• EXERCISE OBJECTIVE:
Set out exactly every line of the entries below, starting at the line that holds "circle A6 centre (-15.1554, -8.75)" and stopping after the line that holds "circle A7 centre (-15.1554, 8.75)".

• INFORMATION PROVIDED:
========================================================================

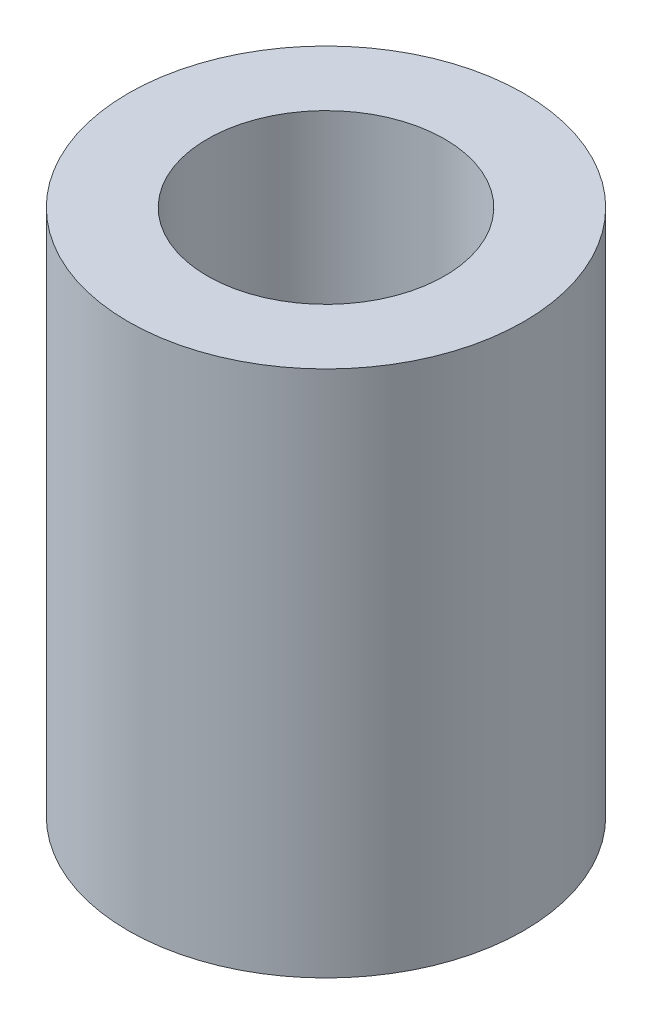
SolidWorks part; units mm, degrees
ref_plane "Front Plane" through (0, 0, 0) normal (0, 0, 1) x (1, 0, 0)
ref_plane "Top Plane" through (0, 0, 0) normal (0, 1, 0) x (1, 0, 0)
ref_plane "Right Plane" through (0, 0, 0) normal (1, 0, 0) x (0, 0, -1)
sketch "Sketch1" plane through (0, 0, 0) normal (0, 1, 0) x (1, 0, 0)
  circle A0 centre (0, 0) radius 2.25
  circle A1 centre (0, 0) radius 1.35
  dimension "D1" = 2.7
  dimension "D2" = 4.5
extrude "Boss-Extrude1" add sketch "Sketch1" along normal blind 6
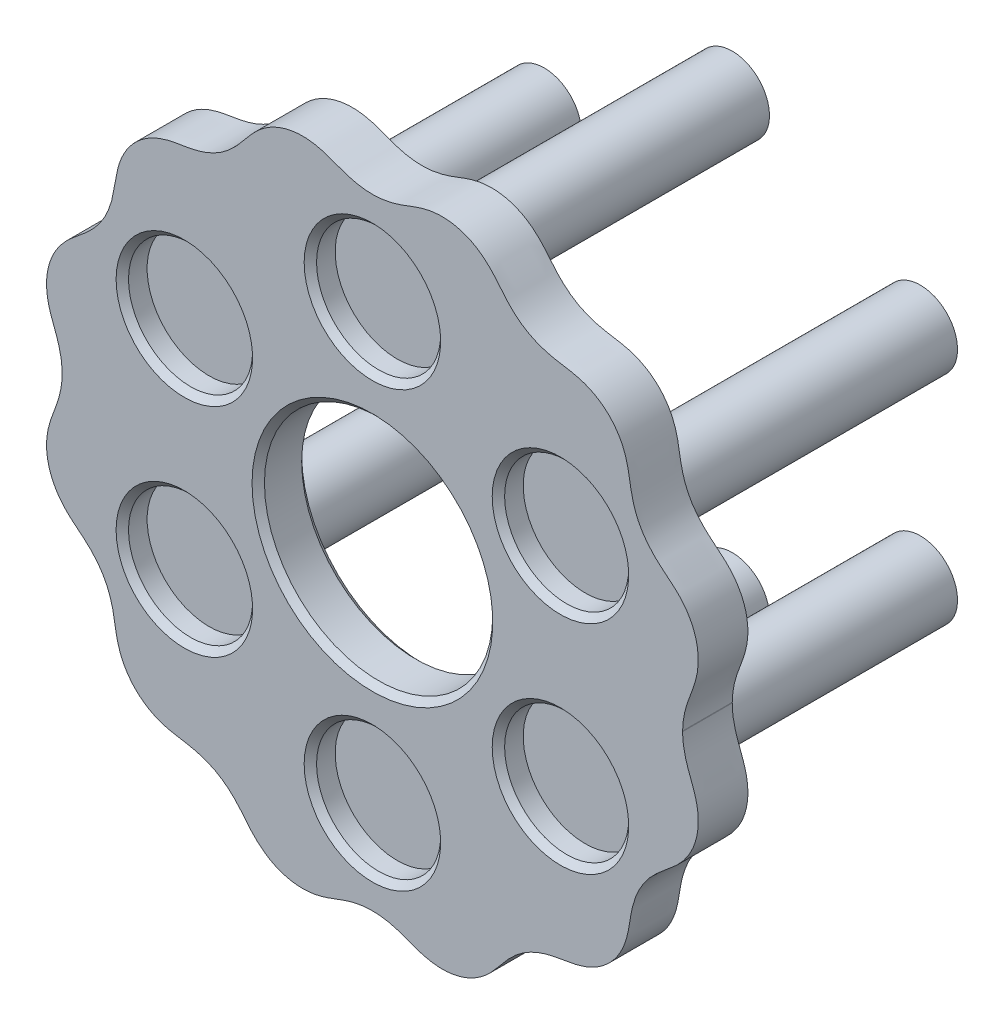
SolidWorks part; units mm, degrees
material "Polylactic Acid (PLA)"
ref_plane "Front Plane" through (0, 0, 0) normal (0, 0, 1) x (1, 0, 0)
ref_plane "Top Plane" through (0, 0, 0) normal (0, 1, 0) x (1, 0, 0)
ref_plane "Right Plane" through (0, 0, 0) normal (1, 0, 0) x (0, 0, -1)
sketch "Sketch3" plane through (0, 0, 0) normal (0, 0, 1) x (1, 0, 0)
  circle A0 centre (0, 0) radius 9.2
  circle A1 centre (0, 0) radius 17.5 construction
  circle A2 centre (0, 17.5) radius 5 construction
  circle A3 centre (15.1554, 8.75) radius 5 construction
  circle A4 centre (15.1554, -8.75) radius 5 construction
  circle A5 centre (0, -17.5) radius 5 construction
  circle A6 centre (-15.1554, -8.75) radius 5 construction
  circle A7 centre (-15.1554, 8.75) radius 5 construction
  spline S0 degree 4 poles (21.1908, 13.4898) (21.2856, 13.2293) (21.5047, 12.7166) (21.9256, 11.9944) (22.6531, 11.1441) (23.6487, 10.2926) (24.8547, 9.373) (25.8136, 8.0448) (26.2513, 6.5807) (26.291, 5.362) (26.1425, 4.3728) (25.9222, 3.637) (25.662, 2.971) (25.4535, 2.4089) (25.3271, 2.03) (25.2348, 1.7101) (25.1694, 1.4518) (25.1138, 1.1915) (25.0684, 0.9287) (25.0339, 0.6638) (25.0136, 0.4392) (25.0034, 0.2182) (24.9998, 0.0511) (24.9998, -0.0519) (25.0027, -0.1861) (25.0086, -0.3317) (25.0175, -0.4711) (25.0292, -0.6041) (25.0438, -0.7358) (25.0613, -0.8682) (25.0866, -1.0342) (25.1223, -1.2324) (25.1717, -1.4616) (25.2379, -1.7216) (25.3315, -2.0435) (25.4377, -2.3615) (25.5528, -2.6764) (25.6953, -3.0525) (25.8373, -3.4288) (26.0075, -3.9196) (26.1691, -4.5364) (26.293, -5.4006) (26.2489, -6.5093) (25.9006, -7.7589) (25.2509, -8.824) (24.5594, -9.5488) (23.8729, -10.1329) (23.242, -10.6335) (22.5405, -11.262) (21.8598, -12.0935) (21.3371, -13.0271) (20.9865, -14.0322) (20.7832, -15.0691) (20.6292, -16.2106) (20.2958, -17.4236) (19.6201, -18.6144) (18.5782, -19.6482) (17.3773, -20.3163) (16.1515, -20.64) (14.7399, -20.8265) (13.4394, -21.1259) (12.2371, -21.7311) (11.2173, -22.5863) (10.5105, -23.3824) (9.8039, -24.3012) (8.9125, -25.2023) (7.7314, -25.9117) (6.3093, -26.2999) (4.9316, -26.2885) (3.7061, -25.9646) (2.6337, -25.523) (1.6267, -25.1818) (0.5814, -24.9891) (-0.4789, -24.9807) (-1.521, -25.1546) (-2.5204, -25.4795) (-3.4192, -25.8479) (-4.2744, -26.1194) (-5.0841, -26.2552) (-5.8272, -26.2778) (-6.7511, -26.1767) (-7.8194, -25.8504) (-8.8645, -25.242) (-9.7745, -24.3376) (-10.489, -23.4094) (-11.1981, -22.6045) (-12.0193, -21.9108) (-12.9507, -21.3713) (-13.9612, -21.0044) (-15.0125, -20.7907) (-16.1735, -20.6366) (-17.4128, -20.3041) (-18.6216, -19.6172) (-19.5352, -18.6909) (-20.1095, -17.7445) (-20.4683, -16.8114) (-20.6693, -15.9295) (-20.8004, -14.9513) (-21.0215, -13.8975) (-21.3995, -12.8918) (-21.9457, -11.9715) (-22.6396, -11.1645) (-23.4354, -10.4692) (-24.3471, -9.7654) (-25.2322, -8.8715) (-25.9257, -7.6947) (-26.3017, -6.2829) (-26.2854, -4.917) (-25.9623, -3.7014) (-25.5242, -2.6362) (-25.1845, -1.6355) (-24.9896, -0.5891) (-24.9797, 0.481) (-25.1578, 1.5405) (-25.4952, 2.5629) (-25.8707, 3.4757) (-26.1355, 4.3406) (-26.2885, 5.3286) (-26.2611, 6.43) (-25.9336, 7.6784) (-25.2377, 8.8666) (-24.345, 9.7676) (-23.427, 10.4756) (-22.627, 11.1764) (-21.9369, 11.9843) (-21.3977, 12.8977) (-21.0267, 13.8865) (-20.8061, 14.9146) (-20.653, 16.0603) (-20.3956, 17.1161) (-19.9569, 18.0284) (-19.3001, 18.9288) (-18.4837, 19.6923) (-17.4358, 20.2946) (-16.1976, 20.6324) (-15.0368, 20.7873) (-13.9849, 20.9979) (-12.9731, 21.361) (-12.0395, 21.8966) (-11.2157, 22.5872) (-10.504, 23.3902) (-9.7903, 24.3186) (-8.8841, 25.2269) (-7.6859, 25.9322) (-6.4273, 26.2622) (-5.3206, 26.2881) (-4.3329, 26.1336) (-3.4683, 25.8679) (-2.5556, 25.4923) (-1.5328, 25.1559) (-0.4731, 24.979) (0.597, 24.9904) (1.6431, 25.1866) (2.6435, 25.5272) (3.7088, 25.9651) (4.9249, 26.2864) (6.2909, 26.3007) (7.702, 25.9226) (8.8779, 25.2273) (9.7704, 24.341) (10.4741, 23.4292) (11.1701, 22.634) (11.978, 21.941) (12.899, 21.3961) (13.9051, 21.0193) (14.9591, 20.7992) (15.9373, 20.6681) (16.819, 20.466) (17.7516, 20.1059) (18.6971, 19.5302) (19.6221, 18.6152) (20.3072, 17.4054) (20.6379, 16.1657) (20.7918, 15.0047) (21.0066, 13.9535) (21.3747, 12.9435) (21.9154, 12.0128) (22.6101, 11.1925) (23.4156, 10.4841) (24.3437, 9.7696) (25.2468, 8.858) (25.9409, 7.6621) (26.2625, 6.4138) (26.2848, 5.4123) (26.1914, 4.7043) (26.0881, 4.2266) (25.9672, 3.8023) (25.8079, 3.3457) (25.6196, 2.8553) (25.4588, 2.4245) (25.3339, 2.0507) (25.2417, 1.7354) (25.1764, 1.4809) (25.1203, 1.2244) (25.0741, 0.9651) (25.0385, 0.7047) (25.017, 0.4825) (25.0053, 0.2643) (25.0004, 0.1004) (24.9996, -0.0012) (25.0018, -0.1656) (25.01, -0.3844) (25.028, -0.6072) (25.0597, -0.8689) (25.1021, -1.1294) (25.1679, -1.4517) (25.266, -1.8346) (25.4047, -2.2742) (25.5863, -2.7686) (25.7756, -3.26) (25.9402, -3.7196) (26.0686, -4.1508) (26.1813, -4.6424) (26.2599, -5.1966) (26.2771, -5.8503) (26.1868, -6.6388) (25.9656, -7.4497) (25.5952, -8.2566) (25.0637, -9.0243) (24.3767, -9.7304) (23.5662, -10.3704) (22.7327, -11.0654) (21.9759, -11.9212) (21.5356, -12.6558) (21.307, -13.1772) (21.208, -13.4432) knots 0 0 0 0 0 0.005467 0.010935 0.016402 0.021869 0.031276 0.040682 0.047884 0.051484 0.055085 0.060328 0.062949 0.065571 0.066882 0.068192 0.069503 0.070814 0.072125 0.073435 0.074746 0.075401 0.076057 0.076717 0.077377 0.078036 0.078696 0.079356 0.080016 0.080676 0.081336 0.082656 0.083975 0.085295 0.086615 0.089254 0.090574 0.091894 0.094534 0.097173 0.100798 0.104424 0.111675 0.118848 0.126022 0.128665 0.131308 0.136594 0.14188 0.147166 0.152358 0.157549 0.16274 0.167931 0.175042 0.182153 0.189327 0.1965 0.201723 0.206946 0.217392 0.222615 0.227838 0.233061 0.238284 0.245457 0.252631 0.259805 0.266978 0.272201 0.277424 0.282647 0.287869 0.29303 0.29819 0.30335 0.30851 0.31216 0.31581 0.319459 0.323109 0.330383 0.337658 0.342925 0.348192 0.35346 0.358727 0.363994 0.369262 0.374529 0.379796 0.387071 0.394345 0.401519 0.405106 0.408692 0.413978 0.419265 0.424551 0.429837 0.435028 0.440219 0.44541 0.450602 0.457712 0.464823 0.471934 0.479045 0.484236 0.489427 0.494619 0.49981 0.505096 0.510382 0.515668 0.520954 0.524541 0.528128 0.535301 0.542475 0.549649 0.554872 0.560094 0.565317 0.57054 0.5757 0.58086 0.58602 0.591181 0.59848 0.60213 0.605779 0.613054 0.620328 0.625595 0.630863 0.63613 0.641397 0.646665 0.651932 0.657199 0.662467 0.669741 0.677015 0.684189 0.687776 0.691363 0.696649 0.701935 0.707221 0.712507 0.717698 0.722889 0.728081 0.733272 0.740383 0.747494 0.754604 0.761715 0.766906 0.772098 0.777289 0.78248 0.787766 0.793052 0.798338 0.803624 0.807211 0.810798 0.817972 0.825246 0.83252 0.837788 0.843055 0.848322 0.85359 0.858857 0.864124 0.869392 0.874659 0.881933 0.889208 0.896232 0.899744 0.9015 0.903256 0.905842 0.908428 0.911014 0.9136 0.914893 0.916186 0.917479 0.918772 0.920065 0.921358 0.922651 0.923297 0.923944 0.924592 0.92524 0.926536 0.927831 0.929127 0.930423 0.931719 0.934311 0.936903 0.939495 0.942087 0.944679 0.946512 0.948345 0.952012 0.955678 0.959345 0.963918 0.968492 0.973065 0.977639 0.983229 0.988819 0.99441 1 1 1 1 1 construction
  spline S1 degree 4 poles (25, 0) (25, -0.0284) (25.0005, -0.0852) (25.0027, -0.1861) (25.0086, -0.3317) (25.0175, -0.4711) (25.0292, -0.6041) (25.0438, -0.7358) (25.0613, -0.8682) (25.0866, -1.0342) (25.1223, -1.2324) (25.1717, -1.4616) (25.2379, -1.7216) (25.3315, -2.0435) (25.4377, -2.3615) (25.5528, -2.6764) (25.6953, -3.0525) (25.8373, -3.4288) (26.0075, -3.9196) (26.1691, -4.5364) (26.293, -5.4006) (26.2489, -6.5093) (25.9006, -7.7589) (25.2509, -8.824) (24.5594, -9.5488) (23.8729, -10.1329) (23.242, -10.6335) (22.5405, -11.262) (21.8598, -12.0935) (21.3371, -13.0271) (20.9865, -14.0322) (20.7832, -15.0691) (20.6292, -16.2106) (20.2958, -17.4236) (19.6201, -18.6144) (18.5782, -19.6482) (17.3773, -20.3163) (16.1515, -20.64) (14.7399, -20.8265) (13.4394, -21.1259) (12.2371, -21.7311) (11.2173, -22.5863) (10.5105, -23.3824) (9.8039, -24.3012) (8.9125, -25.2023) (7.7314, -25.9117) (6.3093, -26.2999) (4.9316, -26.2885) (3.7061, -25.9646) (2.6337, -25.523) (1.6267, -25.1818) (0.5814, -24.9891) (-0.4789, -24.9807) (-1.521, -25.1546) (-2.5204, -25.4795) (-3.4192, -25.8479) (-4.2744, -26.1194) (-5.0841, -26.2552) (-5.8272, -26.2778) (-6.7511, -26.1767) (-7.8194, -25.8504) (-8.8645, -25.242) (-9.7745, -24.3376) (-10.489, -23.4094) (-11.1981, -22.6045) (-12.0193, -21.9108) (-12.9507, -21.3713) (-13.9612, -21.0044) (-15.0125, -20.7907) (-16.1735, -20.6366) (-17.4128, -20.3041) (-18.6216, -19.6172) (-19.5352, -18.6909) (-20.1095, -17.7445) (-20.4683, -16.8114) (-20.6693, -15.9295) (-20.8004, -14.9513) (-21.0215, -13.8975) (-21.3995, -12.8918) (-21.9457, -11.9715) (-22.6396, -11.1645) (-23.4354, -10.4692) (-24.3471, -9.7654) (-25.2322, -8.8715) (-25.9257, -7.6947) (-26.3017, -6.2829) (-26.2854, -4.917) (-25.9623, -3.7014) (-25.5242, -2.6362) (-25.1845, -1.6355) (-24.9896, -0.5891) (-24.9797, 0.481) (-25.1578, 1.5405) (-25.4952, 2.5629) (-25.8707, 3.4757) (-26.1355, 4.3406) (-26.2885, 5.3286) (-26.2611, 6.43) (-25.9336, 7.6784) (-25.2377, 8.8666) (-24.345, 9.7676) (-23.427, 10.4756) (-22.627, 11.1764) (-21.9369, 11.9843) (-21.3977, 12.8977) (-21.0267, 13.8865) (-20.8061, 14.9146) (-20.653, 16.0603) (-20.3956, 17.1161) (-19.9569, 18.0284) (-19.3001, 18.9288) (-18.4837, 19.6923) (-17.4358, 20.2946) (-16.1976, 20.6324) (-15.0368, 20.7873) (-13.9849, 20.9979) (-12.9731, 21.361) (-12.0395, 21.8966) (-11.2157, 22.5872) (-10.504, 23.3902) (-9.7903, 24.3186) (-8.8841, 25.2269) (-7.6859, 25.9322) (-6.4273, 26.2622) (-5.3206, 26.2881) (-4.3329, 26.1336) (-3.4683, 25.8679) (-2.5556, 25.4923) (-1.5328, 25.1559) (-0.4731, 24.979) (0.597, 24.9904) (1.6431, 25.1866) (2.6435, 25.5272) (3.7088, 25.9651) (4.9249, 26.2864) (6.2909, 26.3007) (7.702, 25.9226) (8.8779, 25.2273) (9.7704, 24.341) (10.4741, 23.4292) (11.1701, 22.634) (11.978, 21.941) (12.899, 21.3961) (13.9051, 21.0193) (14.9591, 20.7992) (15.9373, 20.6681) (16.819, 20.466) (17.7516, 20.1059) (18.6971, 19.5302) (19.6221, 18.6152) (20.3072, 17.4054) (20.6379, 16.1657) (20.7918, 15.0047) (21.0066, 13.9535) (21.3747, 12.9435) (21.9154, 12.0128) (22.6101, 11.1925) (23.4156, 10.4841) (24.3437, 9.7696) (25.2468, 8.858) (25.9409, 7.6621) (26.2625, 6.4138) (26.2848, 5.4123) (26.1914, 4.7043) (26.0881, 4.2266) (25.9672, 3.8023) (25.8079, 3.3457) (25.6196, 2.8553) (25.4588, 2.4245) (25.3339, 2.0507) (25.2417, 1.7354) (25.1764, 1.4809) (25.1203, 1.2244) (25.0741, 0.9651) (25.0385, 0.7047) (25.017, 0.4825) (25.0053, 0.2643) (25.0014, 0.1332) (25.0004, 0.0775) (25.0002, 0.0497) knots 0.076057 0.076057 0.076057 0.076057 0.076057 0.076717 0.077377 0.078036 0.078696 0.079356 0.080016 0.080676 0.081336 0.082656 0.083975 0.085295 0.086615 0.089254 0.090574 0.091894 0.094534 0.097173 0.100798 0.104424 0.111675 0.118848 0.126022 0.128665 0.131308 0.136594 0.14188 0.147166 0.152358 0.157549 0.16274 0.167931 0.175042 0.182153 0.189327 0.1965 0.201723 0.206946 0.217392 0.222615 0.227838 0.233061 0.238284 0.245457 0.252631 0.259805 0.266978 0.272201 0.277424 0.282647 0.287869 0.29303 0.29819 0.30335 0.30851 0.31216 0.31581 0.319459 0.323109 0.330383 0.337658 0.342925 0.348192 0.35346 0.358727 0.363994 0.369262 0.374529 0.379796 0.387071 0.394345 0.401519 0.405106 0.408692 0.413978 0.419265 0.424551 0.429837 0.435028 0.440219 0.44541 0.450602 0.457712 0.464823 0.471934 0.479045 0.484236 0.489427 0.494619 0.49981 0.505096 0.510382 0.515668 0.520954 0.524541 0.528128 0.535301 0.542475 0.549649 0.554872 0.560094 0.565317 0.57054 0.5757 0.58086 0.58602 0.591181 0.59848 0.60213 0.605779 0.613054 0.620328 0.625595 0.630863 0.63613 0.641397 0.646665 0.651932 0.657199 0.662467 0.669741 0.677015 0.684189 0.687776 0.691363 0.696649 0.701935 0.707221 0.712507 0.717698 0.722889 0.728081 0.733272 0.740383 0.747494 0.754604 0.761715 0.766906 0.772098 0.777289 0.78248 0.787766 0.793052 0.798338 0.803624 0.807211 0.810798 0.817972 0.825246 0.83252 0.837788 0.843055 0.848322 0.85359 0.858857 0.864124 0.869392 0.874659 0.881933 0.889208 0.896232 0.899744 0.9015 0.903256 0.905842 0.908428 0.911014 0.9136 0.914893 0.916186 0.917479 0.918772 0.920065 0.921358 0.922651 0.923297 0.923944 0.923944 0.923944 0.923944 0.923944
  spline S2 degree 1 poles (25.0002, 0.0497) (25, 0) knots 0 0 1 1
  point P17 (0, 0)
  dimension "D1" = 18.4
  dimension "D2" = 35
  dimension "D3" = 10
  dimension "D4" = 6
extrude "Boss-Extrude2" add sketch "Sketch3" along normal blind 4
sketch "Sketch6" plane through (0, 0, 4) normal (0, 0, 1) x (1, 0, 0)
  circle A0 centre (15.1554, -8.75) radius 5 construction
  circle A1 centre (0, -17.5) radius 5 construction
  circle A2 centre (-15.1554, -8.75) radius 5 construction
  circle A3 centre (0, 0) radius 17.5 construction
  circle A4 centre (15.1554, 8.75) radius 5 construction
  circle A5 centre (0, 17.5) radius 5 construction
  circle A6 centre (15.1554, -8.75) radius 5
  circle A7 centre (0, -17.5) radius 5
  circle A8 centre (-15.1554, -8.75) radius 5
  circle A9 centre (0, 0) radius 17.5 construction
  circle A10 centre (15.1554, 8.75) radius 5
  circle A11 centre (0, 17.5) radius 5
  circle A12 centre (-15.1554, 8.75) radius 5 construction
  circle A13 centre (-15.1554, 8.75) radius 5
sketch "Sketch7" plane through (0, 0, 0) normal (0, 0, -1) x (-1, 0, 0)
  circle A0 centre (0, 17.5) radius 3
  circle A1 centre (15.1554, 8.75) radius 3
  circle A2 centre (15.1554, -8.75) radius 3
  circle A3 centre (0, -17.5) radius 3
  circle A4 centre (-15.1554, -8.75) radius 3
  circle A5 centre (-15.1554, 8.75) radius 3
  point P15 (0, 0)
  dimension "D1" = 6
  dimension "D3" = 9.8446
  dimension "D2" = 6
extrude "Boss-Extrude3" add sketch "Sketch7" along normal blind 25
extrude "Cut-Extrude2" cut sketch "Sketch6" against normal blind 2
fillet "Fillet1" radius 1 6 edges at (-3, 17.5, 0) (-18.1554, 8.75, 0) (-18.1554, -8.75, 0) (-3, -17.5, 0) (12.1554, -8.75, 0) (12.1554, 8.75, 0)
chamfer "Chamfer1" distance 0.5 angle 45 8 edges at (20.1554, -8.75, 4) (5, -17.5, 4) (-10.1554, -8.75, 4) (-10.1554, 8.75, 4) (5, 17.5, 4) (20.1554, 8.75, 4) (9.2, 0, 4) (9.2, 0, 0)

========================================================================

• YOUR SOLUTION:
  circle A6 centre (-15.1554, -8.75) radius 5 construction
  circle A7 centre (-15.1554, 8.75) radius 5 construction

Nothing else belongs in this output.